» PROBLEM STATEMENT
Lines below that include "Continuous" are the answer; copy each one.
[Start of Attachment]
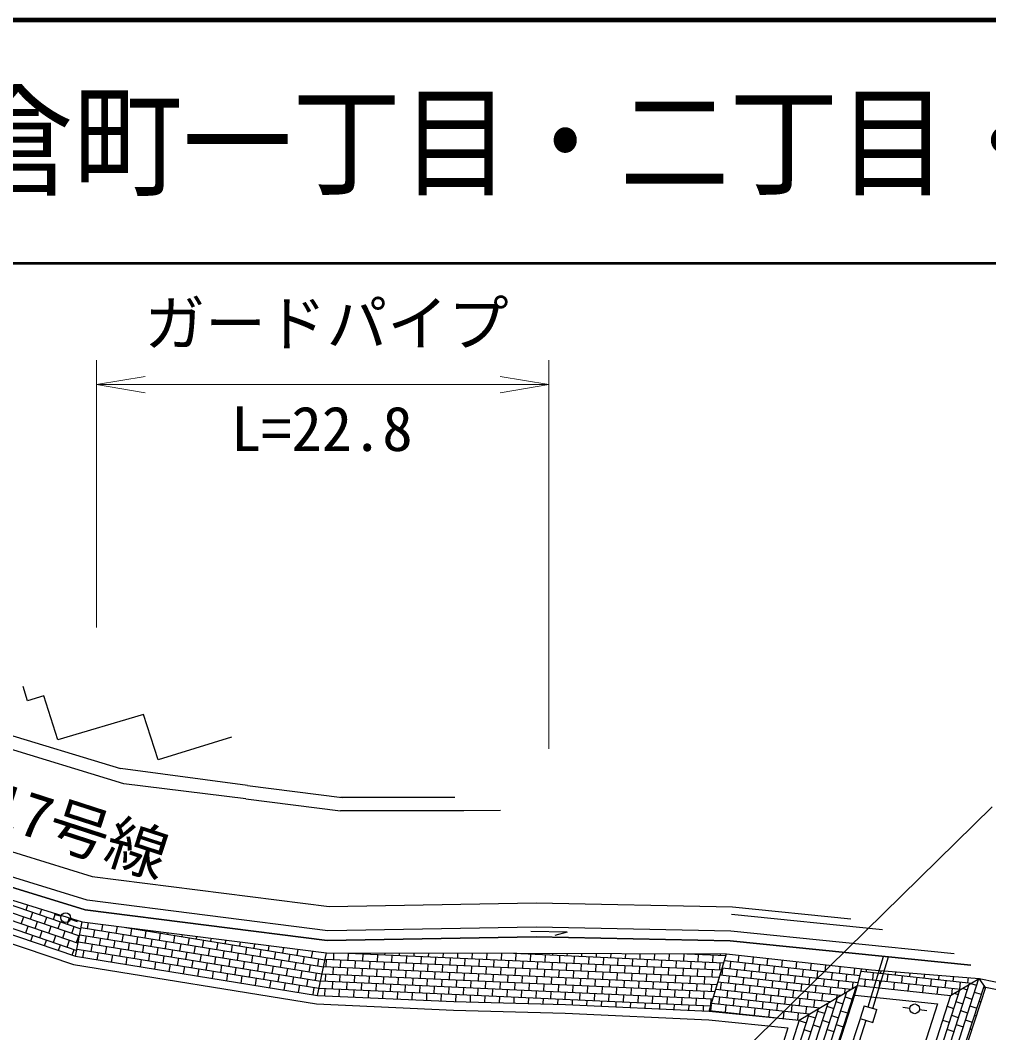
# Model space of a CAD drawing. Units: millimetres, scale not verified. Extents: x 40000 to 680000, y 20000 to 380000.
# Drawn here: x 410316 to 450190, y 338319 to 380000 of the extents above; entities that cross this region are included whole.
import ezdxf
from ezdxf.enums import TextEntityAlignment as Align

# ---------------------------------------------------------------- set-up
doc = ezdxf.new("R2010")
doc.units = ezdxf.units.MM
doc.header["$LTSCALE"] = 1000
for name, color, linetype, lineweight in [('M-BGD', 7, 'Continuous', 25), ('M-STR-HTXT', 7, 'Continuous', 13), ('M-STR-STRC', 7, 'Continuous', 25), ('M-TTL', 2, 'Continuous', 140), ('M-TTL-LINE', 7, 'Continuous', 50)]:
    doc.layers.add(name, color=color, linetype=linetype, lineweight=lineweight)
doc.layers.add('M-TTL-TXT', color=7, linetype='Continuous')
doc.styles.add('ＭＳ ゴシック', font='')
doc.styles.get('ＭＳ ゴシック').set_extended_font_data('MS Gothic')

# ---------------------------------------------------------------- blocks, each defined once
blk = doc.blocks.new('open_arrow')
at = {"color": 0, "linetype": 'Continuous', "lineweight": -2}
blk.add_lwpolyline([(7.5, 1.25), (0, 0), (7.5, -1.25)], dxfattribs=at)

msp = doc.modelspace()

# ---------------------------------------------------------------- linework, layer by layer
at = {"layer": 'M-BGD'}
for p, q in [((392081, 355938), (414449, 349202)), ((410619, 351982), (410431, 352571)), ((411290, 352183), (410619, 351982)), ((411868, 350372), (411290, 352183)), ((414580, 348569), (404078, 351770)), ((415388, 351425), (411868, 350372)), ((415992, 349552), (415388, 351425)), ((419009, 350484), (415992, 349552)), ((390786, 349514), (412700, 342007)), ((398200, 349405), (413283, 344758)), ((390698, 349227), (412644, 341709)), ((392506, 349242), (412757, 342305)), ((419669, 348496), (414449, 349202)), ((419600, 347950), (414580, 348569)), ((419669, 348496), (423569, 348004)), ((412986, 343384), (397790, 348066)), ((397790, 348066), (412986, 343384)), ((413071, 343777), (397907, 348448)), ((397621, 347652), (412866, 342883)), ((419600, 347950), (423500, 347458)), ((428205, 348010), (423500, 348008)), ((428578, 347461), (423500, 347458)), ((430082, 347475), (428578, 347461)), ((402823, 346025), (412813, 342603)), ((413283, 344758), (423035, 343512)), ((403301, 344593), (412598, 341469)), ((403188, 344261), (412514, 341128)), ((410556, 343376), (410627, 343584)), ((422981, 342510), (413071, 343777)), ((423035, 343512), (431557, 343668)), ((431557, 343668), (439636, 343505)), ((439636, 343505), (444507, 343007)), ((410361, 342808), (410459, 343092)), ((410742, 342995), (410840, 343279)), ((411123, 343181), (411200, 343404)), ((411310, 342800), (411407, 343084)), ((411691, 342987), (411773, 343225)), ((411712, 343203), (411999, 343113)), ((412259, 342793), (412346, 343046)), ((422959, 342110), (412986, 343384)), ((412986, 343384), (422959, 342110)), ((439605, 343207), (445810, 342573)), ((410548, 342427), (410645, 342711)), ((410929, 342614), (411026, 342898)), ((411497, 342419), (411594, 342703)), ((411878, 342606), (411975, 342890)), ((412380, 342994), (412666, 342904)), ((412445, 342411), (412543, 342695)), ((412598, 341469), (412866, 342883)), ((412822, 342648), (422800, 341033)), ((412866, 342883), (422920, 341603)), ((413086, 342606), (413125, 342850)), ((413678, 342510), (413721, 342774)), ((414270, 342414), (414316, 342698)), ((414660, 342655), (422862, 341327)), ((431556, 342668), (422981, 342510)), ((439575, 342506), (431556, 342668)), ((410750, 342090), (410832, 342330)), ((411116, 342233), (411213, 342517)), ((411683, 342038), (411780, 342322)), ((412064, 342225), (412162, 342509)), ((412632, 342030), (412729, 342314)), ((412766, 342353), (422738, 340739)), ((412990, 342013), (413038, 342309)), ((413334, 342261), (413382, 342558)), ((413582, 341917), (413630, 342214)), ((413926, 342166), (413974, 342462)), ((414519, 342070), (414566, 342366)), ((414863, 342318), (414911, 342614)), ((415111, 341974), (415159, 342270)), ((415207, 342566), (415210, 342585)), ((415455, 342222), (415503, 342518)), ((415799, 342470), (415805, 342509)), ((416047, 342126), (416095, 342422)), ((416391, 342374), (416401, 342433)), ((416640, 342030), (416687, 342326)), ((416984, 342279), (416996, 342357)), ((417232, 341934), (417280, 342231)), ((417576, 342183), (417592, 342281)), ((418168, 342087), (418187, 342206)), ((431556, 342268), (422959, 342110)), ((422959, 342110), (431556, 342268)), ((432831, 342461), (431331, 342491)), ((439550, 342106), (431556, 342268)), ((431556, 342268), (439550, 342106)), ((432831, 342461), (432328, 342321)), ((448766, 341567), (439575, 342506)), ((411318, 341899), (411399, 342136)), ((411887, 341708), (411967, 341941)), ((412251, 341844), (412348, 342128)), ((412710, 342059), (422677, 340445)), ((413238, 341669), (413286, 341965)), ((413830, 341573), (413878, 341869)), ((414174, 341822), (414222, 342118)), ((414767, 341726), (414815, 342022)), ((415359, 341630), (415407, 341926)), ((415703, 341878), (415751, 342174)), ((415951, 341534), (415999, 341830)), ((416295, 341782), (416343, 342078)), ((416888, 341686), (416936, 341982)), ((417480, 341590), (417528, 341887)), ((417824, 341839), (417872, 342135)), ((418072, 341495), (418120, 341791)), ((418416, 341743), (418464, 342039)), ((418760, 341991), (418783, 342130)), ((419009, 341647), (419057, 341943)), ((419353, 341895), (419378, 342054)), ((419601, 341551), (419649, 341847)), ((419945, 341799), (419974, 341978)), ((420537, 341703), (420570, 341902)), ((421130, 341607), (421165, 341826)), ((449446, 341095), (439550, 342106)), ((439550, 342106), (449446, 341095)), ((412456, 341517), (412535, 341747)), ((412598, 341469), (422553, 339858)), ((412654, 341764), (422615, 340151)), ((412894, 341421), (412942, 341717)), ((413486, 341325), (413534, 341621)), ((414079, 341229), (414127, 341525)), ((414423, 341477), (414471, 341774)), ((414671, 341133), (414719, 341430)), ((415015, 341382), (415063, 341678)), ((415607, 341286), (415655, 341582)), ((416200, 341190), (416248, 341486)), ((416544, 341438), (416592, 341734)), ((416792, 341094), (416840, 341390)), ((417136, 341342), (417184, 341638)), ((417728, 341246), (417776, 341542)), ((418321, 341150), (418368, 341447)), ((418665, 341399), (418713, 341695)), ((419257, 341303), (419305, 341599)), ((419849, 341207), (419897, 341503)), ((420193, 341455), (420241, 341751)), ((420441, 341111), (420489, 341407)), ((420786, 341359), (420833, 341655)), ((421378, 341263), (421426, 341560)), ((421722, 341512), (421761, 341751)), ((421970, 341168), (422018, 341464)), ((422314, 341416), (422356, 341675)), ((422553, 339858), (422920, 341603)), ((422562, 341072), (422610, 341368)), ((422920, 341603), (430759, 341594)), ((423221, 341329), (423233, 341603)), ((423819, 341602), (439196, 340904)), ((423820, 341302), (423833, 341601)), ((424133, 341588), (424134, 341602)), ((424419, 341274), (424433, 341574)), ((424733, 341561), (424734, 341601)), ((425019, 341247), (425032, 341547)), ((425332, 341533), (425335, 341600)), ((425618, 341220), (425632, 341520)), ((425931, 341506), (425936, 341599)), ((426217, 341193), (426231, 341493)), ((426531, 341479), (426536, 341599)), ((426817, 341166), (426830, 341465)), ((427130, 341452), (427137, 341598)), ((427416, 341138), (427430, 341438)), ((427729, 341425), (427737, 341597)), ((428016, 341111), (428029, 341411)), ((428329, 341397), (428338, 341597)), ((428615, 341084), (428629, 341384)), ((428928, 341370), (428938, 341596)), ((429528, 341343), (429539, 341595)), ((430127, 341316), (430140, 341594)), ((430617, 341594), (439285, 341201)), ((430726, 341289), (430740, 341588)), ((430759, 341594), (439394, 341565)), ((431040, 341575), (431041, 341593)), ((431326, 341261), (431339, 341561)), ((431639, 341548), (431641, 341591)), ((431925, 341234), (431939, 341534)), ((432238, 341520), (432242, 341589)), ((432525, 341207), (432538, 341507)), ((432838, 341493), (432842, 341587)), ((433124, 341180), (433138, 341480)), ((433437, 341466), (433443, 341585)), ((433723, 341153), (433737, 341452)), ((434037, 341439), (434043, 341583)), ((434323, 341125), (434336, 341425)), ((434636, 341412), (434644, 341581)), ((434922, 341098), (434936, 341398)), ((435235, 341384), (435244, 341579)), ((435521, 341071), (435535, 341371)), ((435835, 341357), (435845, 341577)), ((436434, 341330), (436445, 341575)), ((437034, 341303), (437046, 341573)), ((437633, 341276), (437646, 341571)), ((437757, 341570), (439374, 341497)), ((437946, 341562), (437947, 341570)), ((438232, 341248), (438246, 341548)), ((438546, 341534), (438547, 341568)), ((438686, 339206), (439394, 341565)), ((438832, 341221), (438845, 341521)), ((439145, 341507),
[End of Attachment]
» TASK ANSWER
for name, color, linetype, lineweight in [('M-BGD', 7, 'Continuous', 25), ('M-STR-HTXT', 7, 'Continuous', 13), ('M-STR-STRC', 7, 'Continuous', 25), ('M-TTL', 2, 'Continuous', 140), ('M-TTL-LINE', 7, 'Continuous', 50)]:
doc.layers.add('M-TTL-TXT', color=7, linetype='Continuous')
at = {"color": 0, "linetype": 'Continuous', "lineweight": -2}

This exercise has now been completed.